Infrastructure as a Service
Finally, IaaS provides us with the most control and security over our environments, but also the most operational complexity/overhead. While this is advantageous for hyper-optimized or specifically tuned workloads for a small subset of our needs, it in many cases runs against our objectives from our previous considerations (twelve-factor apps and DevOps). We fall back to an IaaS model for services that do not have a PaaS offering in our given cloud provider, or where the security requirements are not met by the PaaS offering.
Multiple Data Centres
Arguably this last point is more about disaster recovery/business continuity and high availability than it is about scale. However, given that our customers are in different geographic locations and the distribution of our customers across these geographies differ, we take this as an added benefit when thinking about scale.

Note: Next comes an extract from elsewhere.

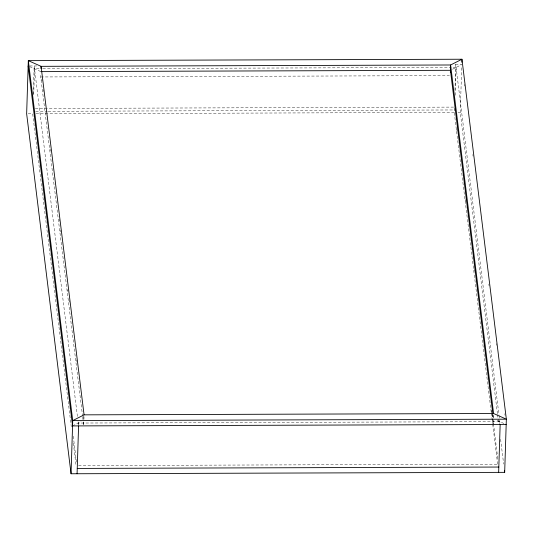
<?xml version="1.0" encoding="UTF-8"?>
<svg xmlns="http://www.w3.org/2000/svg" width="533" height="533" viewBox="0 0 533 533"><rect width="100%" height="100%" fill="white"/><g stroke="black" fill="none" stroke-linecap="round" stroke-linejoin="round"><path stroke-width="0.4" stroke-dasharray="2.67 2" d="M33.299 93.761L34.179 65.952L77.465 416.819M33.706 94.981L34.532 68.81L42.014 68.784M82.615 416.4L40.735 76.959L40.808 74.68M78.178 424.681L78.231 423.042L499.807 421.663L499.734 424.115M83.761 424.721L83.854 421.683M83.928 419.404L84.067 414.847M491.219 412.096L454.249 112.416L454.389 107.859M454.949 90.144L455.755 64.573L498.941 414.614M455.229 95.234L456.108 67.431L451.944 67.444M497.449 413.728L460.272 112.396L461.725 66.199M493.291 423.382L493.431 418.825M493.458 418.065L493.578 414.268M452.564 69.223L461.778 64.553L455.115 64.573M72.561 425.92L81.069 421.603M29.661 65.965L36.67 65.945M42.847 68.784L451.118 67.444M40.735 76.959L449.432 75.626M35.331 108.472L453.583 107.106M35.684 111.33L47.33 111.29M48.157 111.29L454.769 109.958M28.156 113.809L32.673 113.796L71.275 426.686M35.997 113.789L454.249 112.416M458.014 112.403L460.272 112.396M78.558 465.569L497.642 464.196M29.655 66.638L40.901 71.642M497.182 420.497L506.183 424.501M464.216 84.367L464.423 86.02M472.878 154.537L473.077 156.189M488.868 284.156L489.074 285.801M496.203 343.592L496.403 345.244M504.858 413.768L505.064 415.42M499.041 415.44L500.161 424.521M497.549 414.554L498.668 423.635M500.607 439.325L503.658 464.09M492.925 414.694L493.331 417.999M492.305 414.214L497.909 459.619M456.888 129.306L457.094 130.958M465.549 199.502L465.755 201.154M474.21 269.705L474.417 271.357M491.533 410.104L491.939 413.408M492.046 414.234L493.265 424.141M491.326 412.922L492.645 423.655M492.752 424.481L497.635 464.11M41.821 79.077L42.027 80.73M43.146 89.817L43.346 91.463M50.482 149.28L50.688 150.932M59.143 219.476L59.343 221.128M60.469 230.216L60.669 231.868M67.804 289.679L68.004 291.331M69.13 300.412L69.33 302.064M76.466 359.875L76.665 361.527M83.395 416.033L83.901 420.164M82.715 417.226L83.734 425.481M78.078 421.77L78.584 425.9M73.274 436.234L76.639 463.477M73.314 443.196L76.166 466.315"/><path stroke-width="0.8" d="M41.001 68.604L41.068 66.332L28.322 60.655L26.65 113.815L71.056 473.764L504.678 472.345L506.35 419.185L461.944 59.236L28.322 60.655L72.728 420.604L71.056 473.764M77.078 473.744L78.584 425.9M450.365 72.581L450.605 64.986L461.944 59.236L461.845 62.274M498.655 472.365L500.161 424.521M84.067 414.847L72.728 420.604L506.35 419.185L493.598 413.508L84.067 414.847L41.068 66.332L450.605 64.986L493.598 413.508M40.901 71.642L450.432 70.303L492.818 413.868M506.183 424.501L72.561 425.92L28.156 65.972M77.245 468.427L498.821 467.048M504.478 470.692L504.678 472.345"/></g></svg>

Designing our application with initially three geographies in mind (and theoretically infinitely more) allows us to automatically react based on the three other dimensions mentioned above, as well as increased demand based on our customers’ end clients (workers and employers). As a result, we are able to increase the number of app instances in a specific location that is closest to the end-user and scale-up and scale-down events accordingly.
The added side effect of this, of course, is that if a given region goes down because our cloud provider has an outage, or if there is a catastrophic natural event, we’re able to rebalance or redirect traffic to a specific region automatically. No one region is a bottleneck nor a single point of failure.